Required action => For the entries below, work out how many lines include the string "conditioned", then write only that number.

+---+

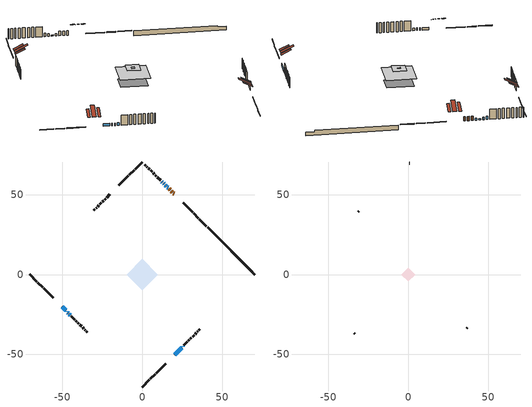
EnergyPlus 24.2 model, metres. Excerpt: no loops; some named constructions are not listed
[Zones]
conditioned space
 floor adiabatic (AdiabaticFloorConstruction): -9.79,0 0,9.79 9.79,0 0,-9.79 z3.83
 floor foundation (Slab1 construction): -7.38,1.36 -1.36,7.38 7.38,-1.36 1.36,-7.38 z-1
 wall outside (RimJoist1 construction): 0,-70.33 4.43,-65.9 / -70.33,0 -65.9,-4.43 / 0,70.33 -4.43,65.9 / 40.14,30.18 35.71,34.61 z1.39:1.69
 wall outside (RimJoist2 construction): 5.09,-65.24 7.97,-62.36 / -65.24,-5.09 -62.36,-7.97 / -5.09,65.24 -7.97,62.36 / 35.06,35.27 32.17,38.16 z1.39:1.69
 wall outside (RimJoist3 construction): 8.63,-61.7 14.66,-55.67 / -61.7,-8.63 -55.67,-14.66 / -8.63,61.7 -14.66,55.67 / 31.51,38.81 25.49,44.84 z1.39:1.69
 wall outside (AdiabaticWallConstruction 1): 19.93,50.39 19.47,50.86 / 18.81,51.51 18.15,52.17 / 17.5,52.83 16.84,53.49 z1.39:3.42
 wall outside (AdiabaticWallConstruction): 16.18,54.15 15.75,54.58 z1.39:2.31; 15.09,55.23 14.38,55.94 z1.39:1.89; 20.21,-50.12 24.63,-45.7 / -50.12,-20.21 -47.91,-22.42 / -47.25,-23.07 -47.11,-23.22 / -46.45,-23.87 -46.16,-24.17 / 25.28,-45.05 25.43,-44.9 / 13.73,56.6 13.29,57.03 / -45.51,-24.82 -44.92,-25.4 z1.39:2.61; 12.64,57.69 12.21,58.12 z1.39:2.92
 wall outside (Wall1 construction): 26.08,-44.24 28.18,-42.15 / -44.27,-26.06 -42.18,-28.15 / -20.21,50.12 -22.3,48.03 / 11.55,58.78 9.46,60.87 z1.39:6.27
 wall outside (Wall2 construction): 28.83,-41.49 29.43,-40.9 / -41.52,-28.81 -40.92,-29.41 / -22.96,47.37 -23.56,46.77 / 8.8,61.53 8.2,62.13 z1.39:6.27
 wall outside (Wall3 construction): 30.09,-40.24 30.76,-39.57 / -40.26,-30.06 -39.59,-30.73 / -24.21,46.11 -24.88,45.44 / 7.54,62.78 6.88,63.45 z1.39:6.27
 wall outside (Wall4 construction): 31.41,-38.91 32.41,-37.92 / -38.94,-31.39 -37.95,-32.38 / -25.54,44.79 -26.53,43.8 / 6.22,64.11 5.23,65.1 z1.39:6.27
 wall outside (Wall5 construction): 33.06,-37.26 33.79,-36.54 / -37.29,-33.04 -36.56,-33.76 / -27.19,43.14 -27.91,42.41 / 4.57,65.76 3.84,66.48 z1.39:6.27
 wall outside (Wall6 construction): 34.45,-35.88 34.78,-35.55 / -35.91,-34.42 -35.57,-34.76 / -28.57,41.76 -28.91,41.42 / 3.19,67.14 2.85,67.48 z1.39:6.27
 wall outside (Wall7 construction): 35.44,-34.89 36.06,-34.27 / -34.91,-35.41 -34.29,-36.04 / -29.56,40.77 -30.19,40.14 / 2.2,68.13 1.57,68.76 z1.39:6.27
 wall foundation (FoundationWall1 construction): 40.8,29.53,-1 40.8,29.53,1.39 67.37,2.95,1.39 67.37,2.95,0.76 70.33,0,0.76 70.33,0,-1
 window (WindowConstruction 7): 16.18,54.15 15.75,54.58 z1.39:2.3
 window (WindowConstruction 3): 15.09,55.23 14.39,55.94 z1.39:1.89
 window (WindowConstruction 4): 20.21,-50.12 24.63,-45.7 z1.39:2.61
 window (WindowConstruction 5): -50.12,-20.21 -47.91,-22.42 z1.39:2.61
 window (WindowConstruction 6): -47.25,-23.07 -47.11,-23.22 z1.39:2.61
 window (WindowConstruction 8): -46.45,-23.88 -46.16,-24.17 z1.39:2.61
 window (WindowConstruction 9): 25.28,-45.05 25.43,-44.9 z1.39:2.61
 window (WindowConstruction): 13.73,56.6 13.29,57.03 z1.39:2.61
 window (WindowConstruction 1): -45.5,-24.82 -44.93,-25.4 z1.39:2.61
 window (WindowConstruction 2): 12.64,57.69 12.21,58.12 z1.39:2.91
 door (Door): 19.93,50.39 19.47,50.86 z1.39:3.42
 door (Door 1): 18.81,51.52 18.15,52.17 z1.39:3.42
 door (Door 2): 17.5,52.83 16.84,53.49 z1.39:3.42
 ceiling adiabatic (AdiabaticFloorConstruction): 0,-9.79 9.79,0 0,9.79 -9.79,0 z3.83
 roof outside (Roof1 construction): 16.16,-54.17,6.27 13.13,-51.14,8.41 12.29,-51.99,8.41 15.32,-55.01,6.27; -54.17,-16.16,6.27 -51.14,-13.13,8.41 -51.99,-12.29,8.41 -55.01,-15.32,6.27; -16.16,54.17,6.27 -13.13,51.14,8.41 -12.29,51.99,8.41 -15.32,55.01,6.27; 23.98,46.35,6.27 20.96,43.32,8.41 21.8,42.47,8.41 24.83,45.5,6.27
 roof outside (Roof3 construction): 19.55,-50.78,6.27 16.35,-47.58,8.53 15.46,-48.47,8.53 18.66,-51.67,6.27; -50.78,-19.55,6.27 -47.58,-16.35,8.53 -48.47,-15.46,8.53 -51.67,-18.66,6.27; -19.55,50.78,6.27 -16.35,47.58,8.53 -15.46,48.47,8.53 -18.66,51.67,6.27; 20.59,49.74,6.27 17.39,46.54,8.53 18.29,45.64,8.53 21.49,48.84,6.27
attic - vented
 floor to conditioned space (Floor1 construction Reversed): -1.05,0 0,1.05 1.05,0 0,-1.05 z6.27
 floor to conditioned space (Floor2 construction Reversed): -4.35,0 0,4.35 4.35,0 0,-4.35 z6.27
 wall outside (Wall8 construction): 36.72,-33.61 36.98,-33.35 / -33.63,-36.69 -33.38,-36.95 / -30.84,39.48 -31.1,39.23 / 0.91,69.41 0.66,69.67 z1.39:6.27
 roof outside (Roof2 construction): 18,-52.33,6.27 13.77,-48.09,9.26 12.59,-49.28,9.26 16.82,-53.51,6.27; -52.33,-18,6.27 -48.09,-13.77,9.26 -49.28,-12.59,9.26 -53.51,-16.82,6.27; -18,52.33,6.27 -13.77,48.09,9.26 -12.59,49.28,9.26 -16.82,53.51,6.27; 22.14,48.19,6.27 17.91,43.95,9.26 19.09,42.77,9.26 23.33,47,6.27
[Material] Roughness=Rough; Thermal Absorptance=0.9
Name | Thickness {m} | Conductivity {W/m-K} | Density {kg/m3} | Specific Heat {J/kg-K} | Solar Absorptance | Visible Absorptance
ceiling loosefill ins | 0.254 | 0.0480833 | 16.02 | 1046.75 | 0.7 | 0.7
ceiling stud and cavity | 0.1397 | 0.22603 | 65.682 | 1177.47 | 0.7 | 0.7
ceiling stud and cavity 1 | 0.1397 | 0.122434 | 65.682 | 1177.47 | 0.7 | 0.7
gypsum board | 0.0127 | 0.160291 | 801 | 837.4 | 0.6 | 0.6
[Construction]
Floor1 construction: ceiling loosefill ins, ceiling stud and cavity, gypsum board
Floor2 construction: ceiling loosefill ins, ceiling stud and cavity 1, gypsum board
[EnergyManagementSystem:Program]
component_loads_program: Set loads_htg_walls = 0; Set loads_htg_rim_joists = 0; Set loads_htg_foundation_walls = 0; Set loads_htg_floors = 0; Set loads_htg_slabs = 0; Set loads_htg_ceilings = 0; Set loads_htg_roofs = 0; Set loads_htg_windows_conduction = 0; Set loads_htg_windows_solar = 0; Set loads_htg_doors = 0; Set loads_htg_skylights_conduction = 0; Set loads_htg_skylights_solar = 0; Set loads_htg_internal_mass = 0; Set loads_htg_intgains = 0; Set loads_htg_lighting = 0; Set loads_htg_infil = 0; Set loads_htg_mechvent = 0; Set loads_htg_natvent = 0; Set loads_htg_whf = 0; Set loads_htg_ducts = 0; Set loads_clg_walls = 0; Set loads_clg_rim_joists = 0; Set loads_clg_foundation_walls = 0; Set loads_clg_floors = 0; Set loads_clg_slabs = 0; Set loads_clg_ceilings = 0; Set loads_clg_roofs = 0; Set loads_clg_windows_conduction = 0; Set loads_clg_windows_solar = 0; Set loads_clg_doors = 0; Set loads_clg_skylights_conduction = 0; Set loads_clg_skylights_solar = 0; Set loads_clg_internal_mass = 0; Set loads_clg_intgains = 0; Set loads_clg_lighting = 0; Set loads_clg_infil = 0; Set loads_clg_mechvent = 0; Set loads_clg_natvent = 0; Set loads_clg_whf = 0; Set loads_clg_ducts = 0; Set hr_walls = 0; Set hr_walls = hr_walls + s_conv_26 + s_ig_26 + s_sol_26 + s_lgt_26 + s_surf_26; Set hr_walls = hr_walls + s_conv_27 + s_ig_27 + s_sol_27 + s_lgt_27 + s_surf_27; Set hr_walls = hr_walls + s_conv_28 + s_ig_28 + s_sol_28 + s_lgt_28 + s_surf_28; Set hr_walls = hr_walls + s_conv_29 + s_ig_29 + s_sol_29 + s_lgt_29 + s_surf_29; Set hr_walls = hr_walls + s_conv_30 + s_ig_30 + s_sol_30 + s_lgt_30 + s_surf_30; Set hr_walls = hr_walls + s_conv_31 + s_ig_31 + s_sol_31 + s_lgt_31 + s_surf_31; Set hr_walls = hr_walls + s_conv_32 + s_ig_32 + s_sol_32 + s_lgt_32 + s_surf_32; Set hr_walls = hr_walls + s_conv_33 + s_ig_33 + s_sol_33 + s_lgt_33 + s_surf_33; Set hr_walls = hr_walls + s_conv_34 + s_ig_34 + s_sol_34 + s_lgt_34 + s_surf_34; Set hr_walls = hr_walls + s_conv_35 + s_ig_35 + s_sol_35 + s_lgt_35 + s_surf_35; Set hr_walls = hr_walls + s_conv_36 + s_ig_36 + s_sol_36 + s_lgt_36 + s_surf_36; Set hr_walls = hr_walls + s_conv_37 + s_ig_37 + s_sol_37 + s_lgt_37 + s_surf_37; Set hr_walls = hr_walls + s_conv_38 + s_ig_38 + s_sol_38 + s_lgt_38 + s_surf_38; Set hr_walls = hr_walls + s_conv_39 + s_ig_39 + s_sol_39 + s_lgt_39 + s_surf_39; Set hr_walls = hr_walls + s_conv_40 + s_ig_40 + s_sol_40 + s_lgt_40 + s_surf_40; Set hr_walls = hr_walls + s_conv_41 + s_ig_41 + s_sol_41 + s_lgt_41 + s_surf_41; Set hr_walls = hr_walls + s_conv_42 + s_ig_42 + s_sol_42 + s_lgt_42 + s_surf_42; Set hr_walls = hr_walls + s_conv_43 + s_ig_43 + s_sol_43 + s_lgt_43 + s_surf_43; Set hr_walls = hr_walls + s_conv_44 + s_ig_44 + s_sol_44 + s_lgt_44 + s_surf_44; Set hr_walls = hr_walls + s_conv_45 + s_ig_45 + s_sol_45 + s_lgt_45 + s_surf_45; Set hr_walls = hr_walls + s_conv_46 + s_ig_46 + s_sol_46 + s_lgt_46 + s_surf_46; Set hr_walls = hr_walls + s_conv_47 + s_ig_47 + s_sol_47 + s_lgt_47 + s_surf_47; Set hr_walls = hr_walls + s_conv_48 + s_ig_48 + s_sol_48 + s_lgt_48 + s_surf_48; Set hr_walls = hr_walls + s_conv_49 + s_ig_49 + s_sol_49 + s_lgt_49 + s_surf_49; Set hr_walls = hr_walls + s_conv_50 + s_ig_50 + s_sol_50 + s_lgt_50 + s_surf_50; Set hr_walls = hr_walls + s_conv_51 + s_ig_51 + s_sol_51 + s_lgt_51 + s_surf_51; Set hr_walls = hr_walls + s_conv_52 + s_ig_52 + s_sol_52 + s_lgt_52 + s_surf_52; Set hr_walls = hr_walls + s_conv_53 + s_ig_53 + s_sol_53 + s_lgt_53 + s_surf_53; Set hr_rim_joists = 0; Set hr_rim_joists = hr_rim_joists + s_conv_5 + s_ig_5 + s_sol_5 + s_lgt_5 + s_surf_5; Set hr_rim_joists = hr_rim_joists + s_conv_6 + s_ig_6 + s_sol_6 + s_lgt_6 + s_surf_6; Set hr_rim_joists = hr_rim_joists + s_conv_7 + s_ig_7 + s_sol_7 + s_lgt_7 + s_surf_7; Set hr_rim_joists = hr_rim_joists + s_conv_8 + s_ig_8 + s_sol_8 + s_lgt_8 + s_surf_8; Set hr_rim_joists = hr_rim_joists + s_conv_9 + s_ig_9 + s_sol_9 + s_lgt_9 + s_surf_9; Set hr_rim_joists = hr_rim_joists + s_conv_10 + s_ig_10 + s_sol_10 + s_lgt_10 + s_surf_10; Set hr_rim_joists = hr_rim_joists + s_conv_11 + s_ig_11 + s_sol_11 + s_lgt_11 + s_surf_11; Set hr_rim_joists = hr_rim_joists + s_conv_12 + s_ig_12 + s_sol_12 + s_lgt_12 + s_surf_12; Set hr_rim_joists = hr_rim_joists + s_conv_13 + s_ig_13 + s_sol_13 + s_lgt_13 + s_surf_13; Set hr_rim_joists = hr_rim_joists + s_conv_14 + s_ig_14 + s_sol_14 + s_lgt_14 + s_surf_14; Set hr_rim_joists = hr_rim_joists + s_conv_15 + s_ig_15 + s_sol_15 + s_lgt_15 + s_surf_15; Set hr_rim_joists = hr_rim_joists + s_conv_16 + s_ig_16 + s_sol_16 + s_lgt_16 + s_surf_16; Set hr_foundation_walls = 0; Set hr_foundation_walls = hr_foundation_walls + s_conv_2 + s_ig_2 + s_sol_2 + s_lgt_2 + s_surf_2; Set hr_floors = 0; Set hr_slabs = 0; Set hr_slabs = hr_slabs + s_conv_25 + s_ig_25 + s_sol_25 + s_lgt_25 + s_surf_25; Set hr_ceilings = 0; Set hr_ceilings = hr_ceilings + s_conv + s_ig + s_sol + s_lgt + s_surf; Set hr_ceilings = hr_ceilings + s_conv_1 + s_ig_1 + s_sol_1 + s_lgt_1 + s_surf_1; Set hr_roofs = 0; Set hr_roofs = hr_roofs + s_conv_17 + s_ig_17 + s_sol_17 + s_lgt_17 + s_surf_17; Set hr_roofs = hr_roofs + s_conv_18 + s_ig_18 + s_sol_18 + s_lgt_18 + s_surf_18; Set hr_roofs = hr_roofs + s_conv_19 + s_ig_19 + s_sol_19 + s_lgt_19 + s_surf_19; Set hr_roofs = hr_roofs + s_conv_20 + s_ig_20 + s_sol_20 + s_lgt_20 + s_surf_20; Set hr_roofs = hr_roofs + s_conv_21 + s_ig_21 + s_sol_21 + s_lgt_21 + s_surf_21; Set hr_roofs = hr_roofs + s_conv_22 + s_ig_22 + s_sol_22 + s_lgt_22 + s_surf_22; Set hr_roofs = hr_roofs + s_conv_23 + s_ig_23 + s_sol_23 + s_lgt_23 + s_surf_23; Set hr_roofs = hr_roofs + s_conv_24 + s_ig_24 + s_sol_24 + s_lgt_24 + s_surf_24; Set hr_windows_conduction = 0; Set hr_windows_conduction = hr_windows_conduction + ss_conv_3; Set hr_windows_conduction = hr_windows_conduction + ss_ig_3; Set hr_windows_conduction = hr_windows_conduction + ss_surf_3; Set hr_windows_conduction = hr_windows_conduction + ss_conv_4; Set hr_windows_conduction = hr_windows_conduction + ss_ig_4; Set hr_windows_conduction = hr_windows_conduction + ss_surf_4; Set hr_windows_conduction = hr_windows_conduction + ss_conv_5; Set hr_windows_conduction = hr_windows_conduction + ss_ig_5; Set hr_windows_conduction = hr_windows_conduction + ss_surf_5; Set hr_windows_conduction = hr_windows_conduction + ss_conv_6; Set hr_windows_conduction = hr_windows_conduction + ss_ig_6; Set hr_windows_conduction = hr_windows_conduction + ss_surf_6; Set hr_windows_conduction = hr_windows_conduction + ss_conv_7; Set hr_windows_conduction = hr_windows_conduction + ss_ig_7; Set hr_windows_conduction = hr_windows_conduction + ss_surf_7; Set hr_windows_conduction = hr_windows_conduction + ss_conv_8; Set hr_windows_conduction = hr_windows_conduction + ss_ig_8; Set hr_windows_conduction = hr_windows_conduction + ss_surf_8; Set hr_windows_conduction = hr_windows_conduction + ss_conv_9; Set hr_windows_conduction = hr_windows_conduction + ss_ig_9; Set hr_windows_conduction = hr_windows_conduction + ss_surf_9; Set hr_windows_conduction = hr_windows_conduction + ss_conv_10; Set hr_windows_conduction = hr_windows_conduction + ss_ig_10; Set hr_windows_conduction = hr_windows_conduction + ss_surf_10; Set hr_windows_conduction = hr_windows_conduction + ss_conv_11; Set hr_windows_conduction = hr_windows_conduction + ss_ig_11; Set hr_windows_conduction = hr_windows_conduction + ss_surf_11; Set hr_windows_conduction = hr_windows_conduction + ss_conv_12; Set hr_windows_conduction = hr_windows_conduction + ss_ig_12; Set hr_windows_conduction = hr_windows_conduction + ss_surf_12; Set hr_windows_solar = 0; Set hr_windows_solar = hr_windows_solar - ss_trans_in * ZoneTimestep * 3600 + ss_back_out * ZoneTimestep * 3600 + ss_trans_out * ZoneTimestep * 3600; Set hr_windows_solar = hr_windows_solar - ss_trans_in_1 * ZoneTimestep * 3600 + ss_back_out_1 * ZoneTimestep * 3600 + ss_trans_out_1 * ZoneTimestep * 3600; Set hr_windows_solar = hr_windows_solar - ss_trans_in_2 * ZoneTimestep * 3600 + ss_back_out_2 * ZoneTimestep * 3600 + ss_trans_out_2 * ZoneTimestep * 3600; Set hr_windows_solar = hr_windows_solar - ss_trans_in_3 * ZoneTimestep * 3600 + ss_back_out_3 * ZoneTimestep * 3600 + ss_trans_out_3 * ZoneTimestep * 3600; Set hr_windows_solar = hr_windows_solar - ss_trans_in_4 * ZoneTimestep * 3600 + ss_back_out_4 * ZoneTimestep * 3600 + ss_trans_out_4 * ZoneTimestep * 3600; Set hr_windows_solar = hr_windows_solar - ss_trans_in_5 * ZoneTimestep * 3600 + ss_back_out_5 * ZoneTimestep * 3600 + ss_trans_out_5 * ZoneTimestep * 3600; Set hr_windows_solar = hr_windows_solar - ss_trans_in_6 * ZoneTimestep * 3600 + ss_back_out_6 * ZoneTimestep * 3600 + ss_trans_out_6 * ZoneTimestep * 3600; Set hr_windows_solar = hr_windows_solar - ss_trans_in_7 * ZoneTimestep * 3600 + ss_back_out_7 * ZoneTimestep * 3600 + ss_trans_out_7 * ZoneTimestep * 3600; Set hr_windows_solar = hr_windows_solar - ss_trans_in_8 * ZoneTimestep * 3600 + ss_back_out_8 * ZoneTimestep * 3600 + ss_trans_out_8 * ZoneTimestep * 3600; Set hr_windows_solar = hr_windows_solar - ss_trans_in_9 * ZoneTimestep * 3600 + ss_back_out_9 * ZoneTimestep * 3600 + ss_trans_out_9 * ZoneTimestep * 3600; Set hr_doors = 0; Set hr_doors = hr_doors + ss_sol; Set hr_doors = hr_doors + ss_lgt; Set hr_doors = hr_doors + ss_conv; Set hr_doors = hr_doors + ss_ig; Set hr_doors = hr_doors + ss_surf; Set hr_doors = hr_doors + ss_sol_1; Set hr_doors = hr_doors + ss_lgt_1; Set hr_doors = hr_doors + ss_conv_1; Set hr_doors = hr_doors + ss_ig_1; Set hr_doors = hr_doors + ss_surf_1; Set hr_doors = hr_doors + ss_sol_2; Set hr_doors = hr_doors + ss_lgt_2; Set hr_doors = hr_doors + ss_conv_2; Set hr_doors = hr_doors + ss_ig_2; Set hr_doors = hr_doors + ss_surf_2; Set hr_skylights_conduction = 0; Set hr_skylights_solar = 0; Set hr_internal_mass = 0; Set hr_internal_mass = hr_internal_mass + s_conv_3 + s_ig_3 + s_sol_3 + s_lgt_3 + s_surf_3; Set hr_internal_mass = hr_internal_mass + s_conv_4 + s_ig_4 + s_sol_4 + s_lgt_4 + s_surf_4; Set hr_internal_mass = hr_internal_mass + im_conv + im_ig + im_sol + im_lgt + im_surf; Set hr_internal_mass = hr_internal_mass + im_conv_1 + im_ig_1 + im_sol_1 + im_lgt_1 + im_surf_1; Set hr_intgains = 0; Set hr_intgains = hr_intgains - ig_ee_conv - ig_ee_rad - ig_ee_conv_1 - ig_ee_rad_1 - ig_ee_conv_2 - ig_ee_rad_2 - ig_ee_conv_3 - ig_ee_rad_3 - ig_ee_conv_4 - ig_ee_rad_4 - ig_ee_conv_5 - ig_ee_rad_5 - ig_ee_conv_6 - ig_ee_rad_6 - ig_oe_conv - ig_oe_rad - ig_oe_conv_1 - ig_oe_rad_1 - ig_oe_conv_2 - ig_oe_rad_2 - ig_oe_conv_3 - ig_oe_rad_3 - ig_oe_conv_4 - ig_oe_rad_4 - ig_ppl_conv - ig_ppl_rad; Set hr_lighting = 0; Set hr_lighting = hr_lighting - ig_lgt_conv - ig_lgt_rad - ig_lgt_vis; Set hr_infil = 0; Set hr_infil = hr_infil - airflow_gain + airflow_loss; Set hr_natvent = 0; Set hr_natvent = hr_natvent - airflow_gain_1 + airflow_loss_1; Set hr_whf = 0; Set hr_whf = hr_whf - airflow_gain_2 + airflow_loss_2; Set hr_mechvent = 0; Set hr_mechvent = hr_mechvent - mv_conv - mv_rad - mv_conv_1 - mv_rad_1 - mv_conv_2 - mv_rad_2 - mv_conv_3 - mv_rad_3; Set hr_ducts = 0; Set hr_intgains = hr_intgains + dhw_loss * (1.0*(1-dhw_rtf) + 1.0*dhw_rtf); Set htg_mode = 0; Set clg_mode = 0; If (htg_load_cond > 0); Set htg_mode = 1.0; ElseIf (clg_load_cond > 0); Set clg_mode = 0.0; Else; Set htg_season = 0; Set clg_season = 0; If ((DayOfYear >= 1) && (DayOfYear <= 365)); Set clg_season = 1; EndIf; If ((DayOfYear >= 1) && (DayOfYear <= 365)); Set htg_season = 1; EndIf; If ((airflow_gain_1 <> 0) || (airflow_loss_1 <> 0)) && (clg_season == 1); Set clg_mode = 0.0; ElseIf ((airflow_gain_2 <> 0) || (airflow_loss_2 <> 0)) && (clg_season == 1); Set clg_mode = 0.0; Else; Set Tmid_setpoint = (htg_sp_s_1 + clg_sp_s_1) / 2; If (tin_s_1 > Tmid_setpoint) && (clg_season == 1); Set clg_mode = 0.0; ElseIf (tin_s_1 < Tmid_setpoint) && (htg_season == 1); Set htg_mode = 1.0; EndIf; EndIf; EndIf; Set loads_htg_walls = loads_htg_walls + (hr_walls * htg_mode * 1); Set loads_htg_rim_joists = loads_htg_rim_joists + (hr_rim_joists * htg_mode * 1); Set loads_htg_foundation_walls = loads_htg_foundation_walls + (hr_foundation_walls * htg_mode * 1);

+---+

Solution => 3